Mary would search for old (usually 19th century) tops, quilt sections and finished quilts -- then cut them up and resew them into stylin' jackets, tops and skirts. The resulting garments were quirky, colorful and, I'm sure, fun to wear. She charged a lot of money for them -- and she got it.
Which drove me absolutely crazy.
I was an editor then for Quilter's Newsletter Magazine -- a publication that not only celebrated quiltmaking, but tried its darndest to preserve old textiles for future audiences. How could these quilts be studied and admired in the future, if they were parading around on someone's backside, instead?
Mary and I had many conversations about this. (We were, after all, friends, and willing to listen to each other, even if we disagreed.) She believed that her garments were actually increasing respect for the old quilts...not lessening it. She argued that she was making good use of damaged or unfinished pieces that would have been thrown away, anyways. And to her credit, she occasionally allowed me to purchase some quilt tops, to preserve them. (An 1890s Ocean Wave top I bought from Mary hung in our foyer...and had to be included in the house sale, at the insistence of the buyer back then. I still miss it.)
Now comes along Emily Bode -- also doing her part to commemorate quilt history by cutting up antique textiles. Or so she says. Her work, like my friend Mary's, features basic garments enlivened by the colors, fabrics and patterns chosen by the original quiltmaker. Did Emily use only damaged or unfinished textiles to do this? Based on the amount of yardage needed, I doubt it. (Mary's sure didn't.) Did she do any research about the original quiltmaker...or even the pattern and its history...or whether that piece had any special cultural or historical significance?
Emily, you may believe you're some kind of iconic trendsetter. But people have been doing this to antique and vintage textiles for centuries. You're just the latest.

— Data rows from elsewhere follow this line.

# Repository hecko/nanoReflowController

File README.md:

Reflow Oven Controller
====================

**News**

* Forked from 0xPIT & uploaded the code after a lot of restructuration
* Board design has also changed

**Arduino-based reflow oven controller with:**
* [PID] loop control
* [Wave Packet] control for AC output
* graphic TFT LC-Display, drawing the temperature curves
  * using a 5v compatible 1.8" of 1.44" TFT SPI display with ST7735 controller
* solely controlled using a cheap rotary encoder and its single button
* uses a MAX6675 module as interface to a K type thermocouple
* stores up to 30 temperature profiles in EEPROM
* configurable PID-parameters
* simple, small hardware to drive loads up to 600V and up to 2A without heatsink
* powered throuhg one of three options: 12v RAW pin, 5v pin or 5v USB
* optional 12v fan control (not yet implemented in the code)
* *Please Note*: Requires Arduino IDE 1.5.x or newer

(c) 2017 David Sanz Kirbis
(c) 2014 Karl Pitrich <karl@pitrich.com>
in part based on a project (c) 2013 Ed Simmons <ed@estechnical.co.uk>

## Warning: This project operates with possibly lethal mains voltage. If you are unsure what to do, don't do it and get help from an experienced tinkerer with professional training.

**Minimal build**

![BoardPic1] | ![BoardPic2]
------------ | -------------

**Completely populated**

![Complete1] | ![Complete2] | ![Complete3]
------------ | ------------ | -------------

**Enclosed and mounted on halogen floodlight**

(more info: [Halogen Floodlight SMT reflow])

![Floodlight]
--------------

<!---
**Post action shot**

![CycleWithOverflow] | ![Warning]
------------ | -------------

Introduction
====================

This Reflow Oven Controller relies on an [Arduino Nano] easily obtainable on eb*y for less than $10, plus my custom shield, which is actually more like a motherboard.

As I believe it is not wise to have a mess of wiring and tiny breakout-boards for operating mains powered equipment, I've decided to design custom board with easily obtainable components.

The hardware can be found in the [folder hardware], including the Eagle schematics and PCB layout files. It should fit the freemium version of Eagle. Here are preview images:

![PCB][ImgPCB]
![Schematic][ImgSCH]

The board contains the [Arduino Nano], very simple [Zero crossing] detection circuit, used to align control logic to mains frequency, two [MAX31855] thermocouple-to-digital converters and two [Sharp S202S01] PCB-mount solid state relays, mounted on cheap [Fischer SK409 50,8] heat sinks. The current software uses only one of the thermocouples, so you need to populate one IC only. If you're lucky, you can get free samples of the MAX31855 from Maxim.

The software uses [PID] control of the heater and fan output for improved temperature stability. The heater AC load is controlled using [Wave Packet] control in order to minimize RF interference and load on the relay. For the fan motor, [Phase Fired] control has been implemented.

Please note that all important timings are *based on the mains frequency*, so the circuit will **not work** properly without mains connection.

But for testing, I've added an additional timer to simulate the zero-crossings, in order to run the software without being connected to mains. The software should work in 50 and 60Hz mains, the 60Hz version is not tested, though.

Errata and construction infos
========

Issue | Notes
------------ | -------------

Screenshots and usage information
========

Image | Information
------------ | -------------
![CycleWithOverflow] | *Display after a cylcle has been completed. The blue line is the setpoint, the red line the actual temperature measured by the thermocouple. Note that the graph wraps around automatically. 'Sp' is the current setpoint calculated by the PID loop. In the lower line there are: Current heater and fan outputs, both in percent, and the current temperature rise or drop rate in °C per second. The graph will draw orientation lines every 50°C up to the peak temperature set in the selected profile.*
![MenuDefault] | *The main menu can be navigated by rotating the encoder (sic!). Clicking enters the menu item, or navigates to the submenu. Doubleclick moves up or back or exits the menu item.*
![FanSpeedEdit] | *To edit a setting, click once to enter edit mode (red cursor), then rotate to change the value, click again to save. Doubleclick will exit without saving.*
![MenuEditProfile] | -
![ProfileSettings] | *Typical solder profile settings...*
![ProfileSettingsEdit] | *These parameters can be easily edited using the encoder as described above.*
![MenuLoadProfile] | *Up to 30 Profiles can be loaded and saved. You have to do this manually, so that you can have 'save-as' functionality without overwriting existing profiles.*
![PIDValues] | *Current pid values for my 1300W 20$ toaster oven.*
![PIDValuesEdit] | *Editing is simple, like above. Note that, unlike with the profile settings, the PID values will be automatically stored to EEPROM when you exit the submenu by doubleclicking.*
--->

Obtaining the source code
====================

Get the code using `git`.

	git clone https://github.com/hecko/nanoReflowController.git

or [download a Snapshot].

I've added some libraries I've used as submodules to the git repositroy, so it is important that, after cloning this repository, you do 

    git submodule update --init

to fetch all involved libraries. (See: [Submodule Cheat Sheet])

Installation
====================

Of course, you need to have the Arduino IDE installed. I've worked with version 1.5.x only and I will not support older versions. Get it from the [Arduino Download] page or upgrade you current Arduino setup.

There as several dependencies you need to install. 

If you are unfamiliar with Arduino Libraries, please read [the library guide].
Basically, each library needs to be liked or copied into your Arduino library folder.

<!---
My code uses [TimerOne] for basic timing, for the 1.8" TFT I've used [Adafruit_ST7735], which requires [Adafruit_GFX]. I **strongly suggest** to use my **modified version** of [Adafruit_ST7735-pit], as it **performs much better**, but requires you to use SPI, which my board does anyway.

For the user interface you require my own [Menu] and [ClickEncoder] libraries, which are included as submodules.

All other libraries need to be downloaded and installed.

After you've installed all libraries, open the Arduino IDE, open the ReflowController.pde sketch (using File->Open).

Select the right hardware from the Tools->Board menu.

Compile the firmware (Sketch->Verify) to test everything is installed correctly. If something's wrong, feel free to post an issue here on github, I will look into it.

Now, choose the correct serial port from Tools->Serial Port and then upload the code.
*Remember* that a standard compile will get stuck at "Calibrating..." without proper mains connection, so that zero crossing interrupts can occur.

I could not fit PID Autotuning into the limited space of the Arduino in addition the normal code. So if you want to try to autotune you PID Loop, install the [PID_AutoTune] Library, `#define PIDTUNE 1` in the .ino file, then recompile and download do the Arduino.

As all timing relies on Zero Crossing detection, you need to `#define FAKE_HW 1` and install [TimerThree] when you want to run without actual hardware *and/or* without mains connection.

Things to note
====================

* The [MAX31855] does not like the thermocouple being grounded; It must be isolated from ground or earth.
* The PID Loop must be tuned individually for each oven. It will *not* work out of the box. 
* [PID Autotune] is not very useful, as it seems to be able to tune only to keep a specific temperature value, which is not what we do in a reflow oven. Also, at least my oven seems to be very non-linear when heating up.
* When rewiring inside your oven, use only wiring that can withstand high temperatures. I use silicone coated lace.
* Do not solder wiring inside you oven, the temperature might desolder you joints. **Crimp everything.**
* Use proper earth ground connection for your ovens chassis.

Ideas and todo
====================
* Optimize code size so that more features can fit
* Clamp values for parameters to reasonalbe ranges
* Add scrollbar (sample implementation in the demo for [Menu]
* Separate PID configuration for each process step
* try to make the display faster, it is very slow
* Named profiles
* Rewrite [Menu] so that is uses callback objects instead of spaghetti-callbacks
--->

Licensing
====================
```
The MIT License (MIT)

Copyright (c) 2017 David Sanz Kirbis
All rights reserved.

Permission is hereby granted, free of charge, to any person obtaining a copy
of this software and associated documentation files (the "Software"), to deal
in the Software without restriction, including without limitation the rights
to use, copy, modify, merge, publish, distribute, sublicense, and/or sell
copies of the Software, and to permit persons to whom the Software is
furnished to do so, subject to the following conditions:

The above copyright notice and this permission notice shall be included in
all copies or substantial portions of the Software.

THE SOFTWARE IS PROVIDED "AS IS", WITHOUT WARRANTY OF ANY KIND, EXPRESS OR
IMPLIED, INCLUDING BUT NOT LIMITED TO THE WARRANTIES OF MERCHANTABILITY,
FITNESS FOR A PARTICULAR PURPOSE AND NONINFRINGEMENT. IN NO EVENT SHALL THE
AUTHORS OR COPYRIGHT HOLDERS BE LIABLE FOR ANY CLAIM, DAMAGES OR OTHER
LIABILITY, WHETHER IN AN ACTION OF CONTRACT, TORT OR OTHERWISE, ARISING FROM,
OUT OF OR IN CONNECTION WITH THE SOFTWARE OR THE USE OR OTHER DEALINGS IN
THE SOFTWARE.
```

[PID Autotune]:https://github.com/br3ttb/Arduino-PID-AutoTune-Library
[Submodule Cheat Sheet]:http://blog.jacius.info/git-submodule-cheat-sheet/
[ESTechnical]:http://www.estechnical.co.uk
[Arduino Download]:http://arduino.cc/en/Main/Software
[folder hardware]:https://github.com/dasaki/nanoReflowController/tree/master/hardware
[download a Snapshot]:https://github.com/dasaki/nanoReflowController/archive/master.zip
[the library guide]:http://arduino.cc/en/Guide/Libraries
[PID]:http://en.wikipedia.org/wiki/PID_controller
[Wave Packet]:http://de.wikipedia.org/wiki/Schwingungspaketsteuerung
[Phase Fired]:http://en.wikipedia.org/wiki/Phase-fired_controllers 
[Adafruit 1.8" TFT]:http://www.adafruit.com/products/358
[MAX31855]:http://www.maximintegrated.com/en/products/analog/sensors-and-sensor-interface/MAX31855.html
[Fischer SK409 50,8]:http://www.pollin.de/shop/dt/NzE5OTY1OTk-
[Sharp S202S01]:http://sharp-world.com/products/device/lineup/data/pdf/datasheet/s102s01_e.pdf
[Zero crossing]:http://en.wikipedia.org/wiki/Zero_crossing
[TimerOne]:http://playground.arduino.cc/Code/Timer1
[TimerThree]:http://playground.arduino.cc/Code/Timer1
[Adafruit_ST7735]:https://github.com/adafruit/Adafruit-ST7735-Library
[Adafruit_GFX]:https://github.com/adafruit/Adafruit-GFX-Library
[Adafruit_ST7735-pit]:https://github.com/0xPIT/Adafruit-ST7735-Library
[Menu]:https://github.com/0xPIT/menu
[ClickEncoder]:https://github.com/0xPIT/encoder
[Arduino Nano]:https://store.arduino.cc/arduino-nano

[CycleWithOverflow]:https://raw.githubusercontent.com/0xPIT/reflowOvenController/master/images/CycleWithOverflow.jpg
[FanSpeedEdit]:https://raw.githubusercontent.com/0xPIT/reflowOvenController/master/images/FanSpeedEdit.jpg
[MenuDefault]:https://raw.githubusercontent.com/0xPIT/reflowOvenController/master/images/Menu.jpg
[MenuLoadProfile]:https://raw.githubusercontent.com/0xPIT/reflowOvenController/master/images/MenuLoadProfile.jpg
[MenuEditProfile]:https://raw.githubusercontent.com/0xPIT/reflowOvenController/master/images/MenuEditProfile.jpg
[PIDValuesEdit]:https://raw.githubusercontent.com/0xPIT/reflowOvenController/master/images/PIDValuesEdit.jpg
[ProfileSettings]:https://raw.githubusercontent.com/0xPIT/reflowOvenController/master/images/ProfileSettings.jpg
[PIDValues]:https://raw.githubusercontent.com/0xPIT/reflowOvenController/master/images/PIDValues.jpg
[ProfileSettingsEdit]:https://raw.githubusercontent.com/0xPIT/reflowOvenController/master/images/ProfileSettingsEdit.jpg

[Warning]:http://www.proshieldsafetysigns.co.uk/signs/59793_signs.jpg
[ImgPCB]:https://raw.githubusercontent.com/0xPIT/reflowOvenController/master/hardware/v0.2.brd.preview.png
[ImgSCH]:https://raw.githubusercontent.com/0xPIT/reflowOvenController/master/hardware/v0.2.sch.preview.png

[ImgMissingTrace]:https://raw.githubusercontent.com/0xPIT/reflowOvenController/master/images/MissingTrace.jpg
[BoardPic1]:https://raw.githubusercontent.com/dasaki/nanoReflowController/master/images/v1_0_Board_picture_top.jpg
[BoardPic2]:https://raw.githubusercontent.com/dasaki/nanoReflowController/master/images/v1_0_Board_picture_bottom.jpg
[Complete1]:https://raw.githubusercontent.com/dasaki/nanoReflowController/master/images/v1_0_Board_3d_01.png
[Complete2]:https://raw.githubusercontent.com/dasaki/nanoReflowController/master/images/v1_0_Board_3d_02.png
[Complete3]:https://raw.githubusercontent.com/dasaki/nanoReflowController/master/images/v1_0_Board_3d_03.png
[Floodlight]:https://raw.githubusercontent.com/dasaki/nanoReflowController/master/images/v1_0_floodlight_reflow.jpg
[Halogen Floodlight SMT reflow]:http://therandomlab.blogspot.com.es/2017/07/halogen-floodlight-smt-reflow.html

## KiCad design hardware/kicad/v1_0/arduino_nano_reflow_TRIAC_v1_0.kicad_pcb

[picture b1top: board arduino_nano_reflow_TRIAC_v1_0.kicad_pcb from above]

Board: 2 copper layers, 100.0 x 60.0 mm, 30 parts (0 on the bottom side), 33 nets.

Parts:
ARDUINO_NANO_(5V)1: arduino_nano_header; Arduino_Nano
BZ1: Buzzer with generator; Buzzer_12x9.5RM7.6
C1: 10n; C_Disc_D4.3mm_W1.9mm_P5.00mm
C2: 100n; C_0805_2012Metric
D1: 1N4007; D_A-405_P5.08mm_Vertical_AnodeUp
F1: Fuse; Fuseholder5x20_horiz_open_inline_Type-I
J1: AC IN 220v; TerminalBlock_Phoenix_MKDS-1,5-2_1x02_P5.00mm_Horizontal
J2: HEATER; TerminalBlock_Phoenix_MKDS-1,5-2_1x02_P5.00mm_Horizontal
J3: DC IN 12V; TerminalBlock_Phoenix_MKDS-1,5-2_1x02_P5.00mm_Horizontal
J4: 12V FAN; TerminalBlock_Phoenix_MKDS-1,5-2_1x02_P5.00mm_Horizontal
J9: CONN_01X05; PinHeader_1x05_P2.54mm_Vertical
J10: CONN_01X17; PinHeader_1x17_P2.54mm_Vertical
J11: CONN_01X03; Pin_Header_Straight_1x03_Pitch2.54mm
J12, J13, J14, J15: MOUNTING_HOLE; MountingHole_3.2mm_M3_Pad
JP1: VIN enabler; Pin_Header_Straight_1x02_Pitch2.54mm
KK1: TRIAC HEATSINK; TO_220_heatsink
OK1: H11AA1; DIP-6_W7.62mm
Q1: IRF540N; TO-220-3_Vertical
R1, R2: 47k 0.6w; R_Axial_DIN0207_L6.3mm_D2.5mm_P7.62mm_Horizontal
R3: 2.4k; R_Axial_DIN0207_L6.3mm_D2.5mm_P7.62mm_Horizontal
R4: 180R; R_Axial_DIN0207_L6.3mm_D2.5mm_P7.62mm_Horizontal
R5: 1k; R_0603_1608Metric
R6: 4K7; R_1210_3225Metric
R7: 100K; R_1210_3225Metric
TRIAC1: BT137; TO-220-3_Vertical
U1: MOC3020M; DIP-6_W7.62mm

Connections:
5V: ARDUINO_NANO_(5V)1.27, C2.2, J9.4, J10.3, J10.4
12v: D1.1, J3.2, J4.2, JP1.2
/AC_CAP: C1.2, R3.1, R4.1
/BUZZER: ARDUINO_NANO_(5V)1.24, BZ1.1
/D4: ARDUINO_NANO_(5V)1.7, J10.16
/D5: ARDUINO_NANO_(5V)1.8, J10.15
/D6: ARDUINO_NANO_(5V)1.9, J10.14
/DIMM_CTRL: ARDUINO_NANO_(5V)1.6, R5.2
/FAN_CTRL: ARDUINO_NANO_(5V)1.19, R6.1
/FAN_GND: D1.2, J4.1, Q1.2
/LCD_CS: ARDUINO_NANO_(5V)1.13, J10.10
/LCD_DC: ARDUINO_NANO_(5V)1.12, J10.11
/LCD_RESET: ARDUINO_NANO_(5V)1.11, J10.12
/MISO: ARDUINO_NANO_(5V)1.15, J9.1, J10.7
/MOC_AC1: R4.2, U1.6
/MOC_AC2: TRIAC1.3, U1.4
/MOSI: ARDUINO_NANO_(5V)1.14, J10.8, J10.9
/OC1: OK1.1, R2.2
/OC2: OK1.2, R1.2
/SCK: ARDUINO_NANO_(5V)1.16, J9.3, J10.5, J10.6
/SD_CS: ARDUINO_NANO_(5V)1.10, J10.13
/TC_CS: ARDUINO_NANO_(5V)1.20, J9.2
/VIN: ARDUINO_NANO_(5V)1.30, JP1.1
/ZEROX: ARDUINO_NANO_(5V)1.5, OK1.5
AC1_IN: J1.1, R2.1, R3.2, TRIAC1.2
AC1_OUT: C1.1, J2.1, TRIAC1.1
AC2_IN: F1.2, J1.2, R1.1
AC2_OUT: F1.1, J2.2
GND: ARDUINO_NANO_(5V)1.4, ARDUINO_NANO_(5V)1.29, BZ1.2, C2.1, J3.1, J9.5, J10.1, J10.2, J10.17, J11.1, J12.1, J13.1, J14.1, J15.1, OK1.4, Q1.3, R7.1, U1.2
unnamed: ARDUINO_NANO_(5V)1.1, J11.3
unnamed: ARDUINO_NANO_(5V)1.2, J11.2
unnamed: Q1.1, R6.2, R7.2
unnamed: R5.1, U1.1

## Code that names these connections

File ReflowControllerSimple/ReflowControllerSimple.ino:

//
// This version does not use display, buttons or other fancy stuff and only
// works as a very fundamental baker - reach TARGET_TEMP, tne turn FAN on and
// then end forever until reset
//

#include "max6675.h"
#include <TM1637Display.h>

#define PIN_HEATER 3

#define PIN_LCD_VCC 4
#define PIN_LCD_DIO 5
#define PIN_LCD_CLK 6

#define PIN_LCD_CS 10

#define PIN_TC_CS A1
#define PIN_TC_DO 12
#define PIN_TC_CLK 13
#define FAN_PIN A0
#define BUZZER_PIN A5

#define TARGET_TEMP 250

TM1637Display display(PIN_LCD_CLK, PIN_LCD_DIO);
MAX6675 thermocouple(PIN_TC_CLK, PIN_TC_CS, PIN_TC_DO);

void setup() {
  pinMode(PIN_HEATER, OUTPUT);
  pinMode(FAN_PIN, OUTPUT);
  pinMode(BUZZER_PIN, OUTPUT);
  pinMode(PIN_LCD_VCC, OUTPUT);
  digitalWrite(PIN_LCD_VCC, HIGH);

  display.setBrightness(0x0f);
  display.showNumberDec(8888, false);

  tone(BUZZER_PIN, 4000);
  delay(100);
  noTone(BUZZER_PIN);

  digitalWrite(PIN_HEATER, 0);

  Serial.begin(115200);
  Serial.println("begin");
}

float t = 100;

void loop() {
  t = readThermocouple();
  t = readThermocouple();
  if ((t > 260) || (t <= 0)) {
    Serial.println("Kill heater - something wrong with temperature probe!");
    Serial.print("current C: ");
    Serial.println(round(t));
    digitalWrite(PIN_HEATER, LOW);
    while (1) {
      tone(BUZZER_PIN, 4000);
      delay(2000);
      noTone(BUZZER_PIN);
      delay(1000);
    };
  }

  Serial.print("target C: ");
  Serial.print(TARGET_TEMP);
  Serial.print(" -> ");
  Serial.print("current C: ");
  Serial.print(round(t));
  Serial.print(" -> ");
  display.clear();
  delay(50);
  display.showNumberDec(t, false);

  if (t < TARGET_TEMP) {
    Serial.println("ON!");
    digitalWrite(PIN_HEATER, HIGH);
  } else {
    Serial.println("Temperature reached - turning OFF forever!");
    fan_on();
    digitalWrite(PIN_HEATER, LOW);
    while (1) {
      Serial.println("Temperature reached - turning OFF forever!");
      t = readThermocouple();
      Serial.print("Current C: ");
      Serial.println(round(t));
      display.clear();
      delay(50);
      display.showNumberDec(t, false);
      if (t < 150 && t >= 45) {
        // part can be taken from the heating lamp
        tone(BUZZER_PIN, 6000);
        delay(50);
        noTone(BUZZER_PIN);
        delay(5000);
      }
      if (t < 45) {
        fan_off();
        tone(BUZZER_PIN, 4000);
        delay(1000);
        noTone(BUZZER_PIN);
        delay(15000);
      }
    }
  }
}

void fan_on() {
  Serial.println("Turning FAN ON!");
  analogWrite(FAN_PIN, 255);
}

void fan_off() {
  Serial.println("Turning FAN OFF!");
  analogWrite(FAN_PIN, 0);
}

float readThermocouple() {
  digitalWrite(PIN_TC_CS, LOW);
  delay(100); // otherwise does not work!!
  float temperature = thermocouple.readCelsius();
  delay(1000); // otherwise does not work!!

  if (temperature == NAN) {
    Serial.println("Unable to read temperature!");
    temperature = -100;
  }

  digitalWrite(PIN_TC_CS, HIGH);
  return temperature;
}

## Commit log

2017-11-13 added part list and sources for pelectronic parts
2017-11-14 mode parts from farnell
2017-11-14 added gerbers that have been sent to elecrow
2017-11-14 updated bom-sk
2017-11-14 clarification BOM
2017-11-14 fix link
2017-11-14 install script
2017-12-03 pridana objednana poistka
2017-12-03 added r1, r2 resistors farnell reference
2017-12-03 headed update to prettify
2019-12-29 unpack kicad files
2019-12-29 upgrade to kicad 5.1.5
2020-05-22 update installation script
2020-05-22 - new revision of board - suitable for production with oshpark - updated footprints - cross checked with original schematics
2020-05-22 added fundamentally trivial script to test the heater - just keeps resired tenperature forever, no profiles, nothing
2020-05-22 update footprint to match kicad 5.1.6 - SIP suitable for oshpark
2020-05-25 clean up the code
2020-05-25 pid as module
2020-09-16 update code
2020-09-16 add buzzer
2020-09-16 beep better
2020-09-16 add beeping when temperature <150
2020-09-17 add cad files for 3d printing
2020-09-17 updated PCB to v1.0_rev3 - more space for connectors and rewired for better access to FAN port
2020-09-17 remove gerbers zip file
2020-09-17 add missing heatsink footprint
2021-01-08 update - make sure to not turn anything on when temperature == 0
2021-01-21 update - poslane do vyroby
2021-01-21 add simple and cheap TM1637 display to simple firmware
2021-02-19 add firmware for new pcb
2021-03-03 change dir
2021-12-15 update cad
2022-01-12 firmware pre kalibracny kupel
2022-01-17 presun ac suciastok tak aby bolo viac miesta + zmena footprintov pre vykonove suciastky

This smacks far too much of the same "what's in it for me" approach shown by Gloria Vanderbilt, whose varnished quilt bedroom was all the rage in the 1970s, Emily's in this mode for her benefit -- and no one else. Using handmade 'artisanal' fabrics and fabrics is trendy right now. She is smart enough -- and aware enough -- to take advantage of that interest.
What about the textiles who have disappeared forever, because of this?
Don't give me a big story about honoring tradition, Emily, and expect me to believe it. I don't.
Calvin Klein has been featuring antique quilts in their backdrops -- then arguing that it's honoring these pieces. (After the company sells them, of course.) Klein's latest collection, via Raf Simons, was a strange mix of hazmat suits and firefighters' jackets, with some printed fabrics jammed on top. Are trendy people REALLY going to wear these? (My own question: will Klein himself wear them? He's rarely shown in anything but basic suits, jeans and cowboy boots.)
My fellow appraisers, whom I respect deeply, are of all sorts of opinions about these developments in the Land of Quilts as Decor (and Costume). Some are outraged. Others are philosophic about it. (After all, it has been going on for a long, long time.) Still others suggest that this may actually be a good thing: that younger collectors may fall in love with textiles, and start to use them as they were originally meant to be. Heck, they may even start to make quilts themselves!
My friendship with Mary, so long ago, makes me skeptical of motives -- but willing to listen.
As long as proper respect is shown. (And frankly, I don't think it is right now.)
To make life even more interesting in the quilt world, Michelle Obama's newly-unveiled portrait (which really doesn't look much like her, but oh well) features our former First Lady in a long gown from Michelle Johnson's 'Milly' collection. Supposedly the designs on it were inspired by the African-American quilts from Gee's Bend.
There's been so much controversy about these quiltmakers over the years -- first and foremost, that they gained very little from their notoriety, since their colorful, fascinating quilts had already been sold to (and marketed by) an older dealer -- and a white man. He is the one who has benefitted financially, not them...though he has been occasionally shamed into giving them slightly more money for appearing during exhibits and such. I am amazed that Wikipedia's entry on the quiltmakers of Gee's Bend leaves this out -- but not surprised. Like the Underground Railroad quilt idea, it's one of the dirty secrets of the museum world.
What does surprise me is that so many proponents of Black American culture -- Mrs. Obama included -- continue to take advantage of these women by promoting the Gee's Bend idea without honoring the actual quilts and their makers.
Sad. Don't they do their homework?
|A Gee's Bend quilting bee 2005 (Wikipedia)|
Flu alert: Although Mr. Fever and his buddy The Cough continue to share our lives, we do both seem to be getting slowly better. I can almost breathe freely now. Almost. But I have this overwhelming desire to nod off at times...like during breakfast. Or at the critical part of a movie.
A few minutes snooze, then I'm back in business. But it does feel a little awkward, to suddenly wake up and find the Brick staring at me.